== Exercise input
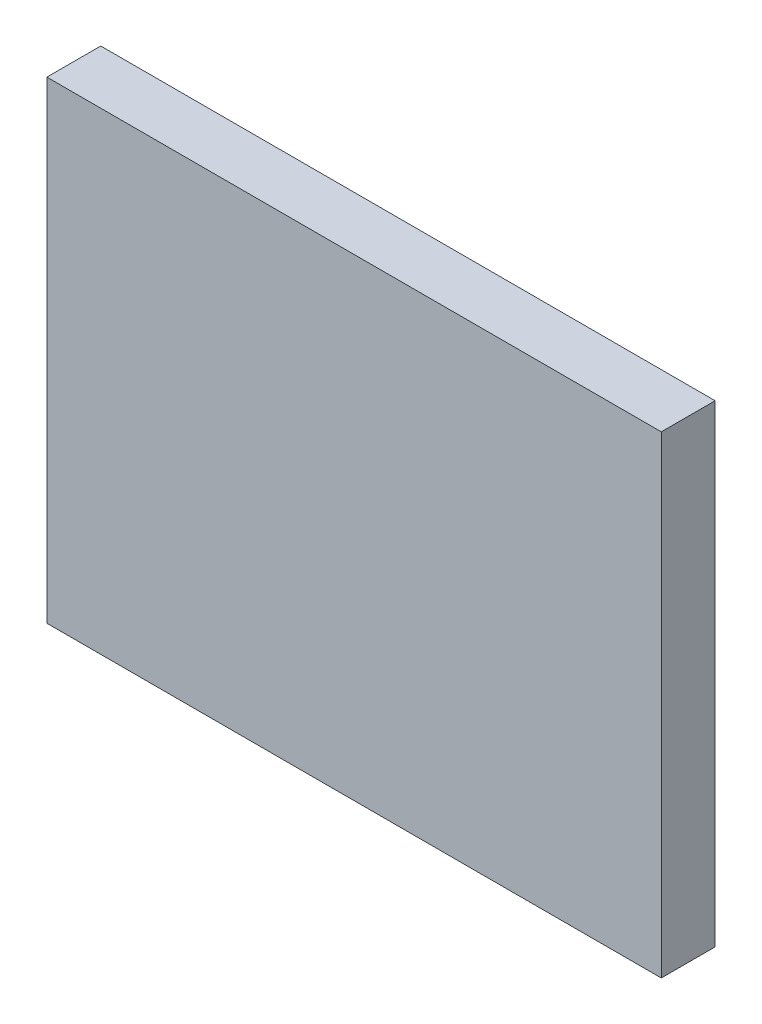
SolidWorks part; units mm, degrees
ref_plane "Ön Düzlem" through (0, 0, 0) normal (0, 0, 1) x (1, 0, 0)
ref_plane "Üst Düzlem" through (0, 0, 0) normal (0, 1, 0) x (1, 0, 0)
ref_plane "Sağ Düzlem" through (0, 0, 0) normal (1, 0, 0) x (0, 0, -1)
sketch "Çizim1" plane through (0, 0, 0) normal (0, 0, 1) x (1, 0, 0)
  line L1 (-57.0327, 43.9078) -> (57.0327, 43.9078)
  line L2 (-57.0327, 43.9078) -> (-57.0327, -43.9078)
  line L3 (-57.0327, -43.9078) -> (57.0327, -43.9078)
  line L4 (57.0327, 43.9078) -> (57.0327, -43.9078)
  line L5 (-57.0327, 43.9078) -> (57.0327, -43.9078) construction
  line L6 (-57.0327, -43.9078) -> (57.0327, 43.9078) construction
  point P0 (0, 0)
extrude "Yükseklik-Ekstrüzyon1" add sketch "Çizim1" along normal blind 10
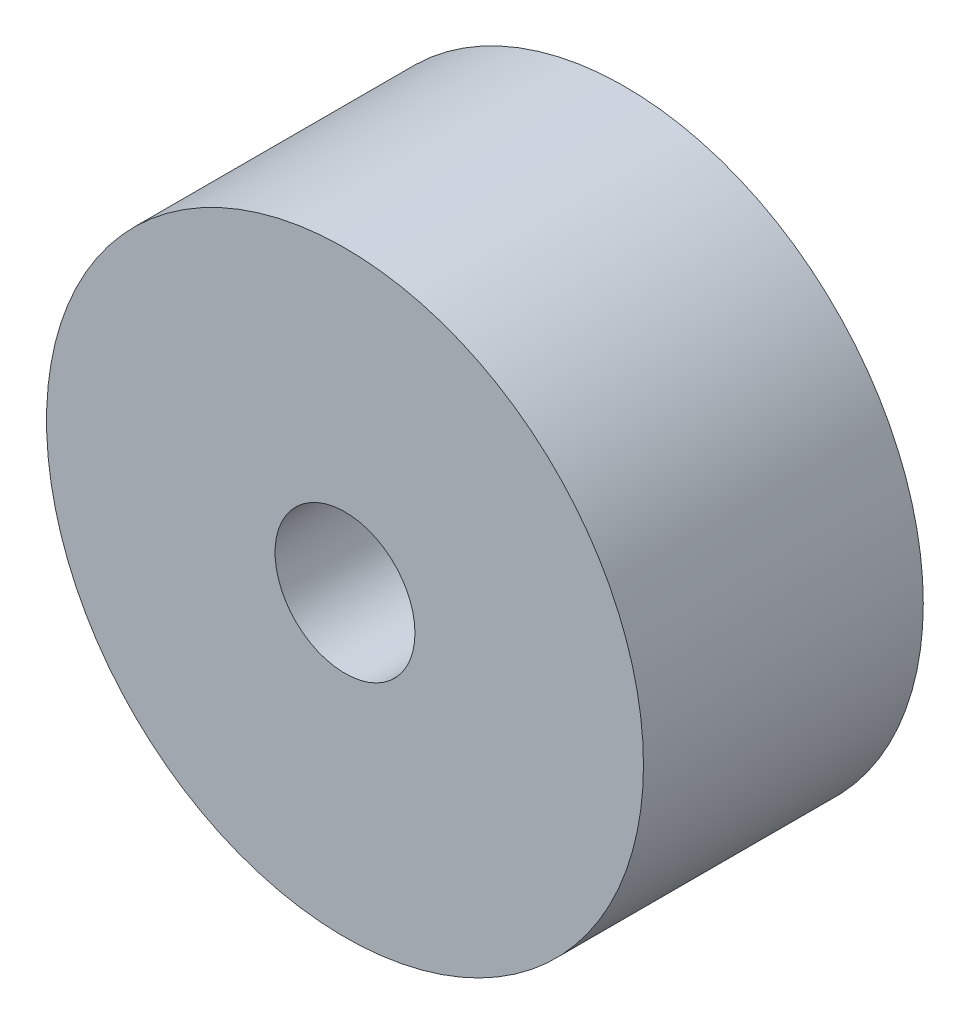
SolidWorks part; units mm, degrees
material "Rubber"
ref_plane "Front Plane" through (0, 0, 0) normal (0, 0, 1) x (1, 0, 0)
ref_plane "Top Plane" through (0, 0, 0) normal (0, 1, 0) x (1, 0, 0)
ref_plane "Right Plane" through (0, 0, 0) normal (1, 0, 0) x (0, 0, -1)
sketch "Sketch1" plane through (0, 0, 0) normal (0, 0, 1) x (1, 0, 0)
  circle A0 centre (0, 0) radius 320
  circle A1 centre (0, 0) radius 75
  dimension "D1" = 640
  dimension "D2" = 150
extrude "Boss-Extrude1" add sketch "Sketch1" along normal blind 300
====
Exercise aim:
Produce an exact reprint of the entries, dropping the images.

Answer space:
SolidWorks part; units mm, degrees
ref_plane "Ön Düzlem" through (0, 0, 0) normal (0, 0, 1) x (1, 0, 0)
ref_plane "Üst Düzlem" through (0, 0, 0) normal (0, 1, 0) x (1, 0, 0)
ref_plane "Sağ Düzlem" through (0, 0, 0) normal (1, 0, 0) x (0, 0, -1)
sketch "Çizim1" plane through (0, 0, 0) normal (0, 0, 1) x (1, 0, 0)
  line L1 (-57.0327, 43.9078) -> (57.0327, 43.9078)
  line L2 (-57.0327, 43.9078) -> (-57.0327, -43.9078)
  line L3 (-57.0327, -43.9078) -> (57.0327, -43.9078)
  line L4 (57.0327, 43.9078) -> (57.0327, -43.9078)
  line L5 (-57.0327, 43.9078) -> (57.0327, -43.9078) construction
  line L6 (-57.0327, -43.9078) -> (57.0327, 43.9078) construction
  point P0 (0, 0)
extrude "Yükseklik-Ekstrüzyon1" add sketch "Çizim1" along normal blind 10
SolidWorks part; units mm, degrees
material "Rubber"
ref_plane "Front Plane" through (0, 0, 0) normal (0, 0, 1) x (1, 0, 0)
ref_plane "Top Plane" through (0, 0, 0) normal (0, 1, 0) x (1, 0, 0)
ref_plane "Right Plane" through (0, 0, 0) normal (1, 0, 0) x (0, 0, -1)
sketch "Sketch1" plane through (0, 0, 0) normal (0, 0, 1) x (1, 0, 0)
  circle A0 centre (0, 0) radius 320
  circle A1 centre (0, 0) radius 75
  dimension "D1" = 640
  dimension "D2" = 150
extrude "Boss-Extrude1" add sketch "Sketch1" along normal blind 300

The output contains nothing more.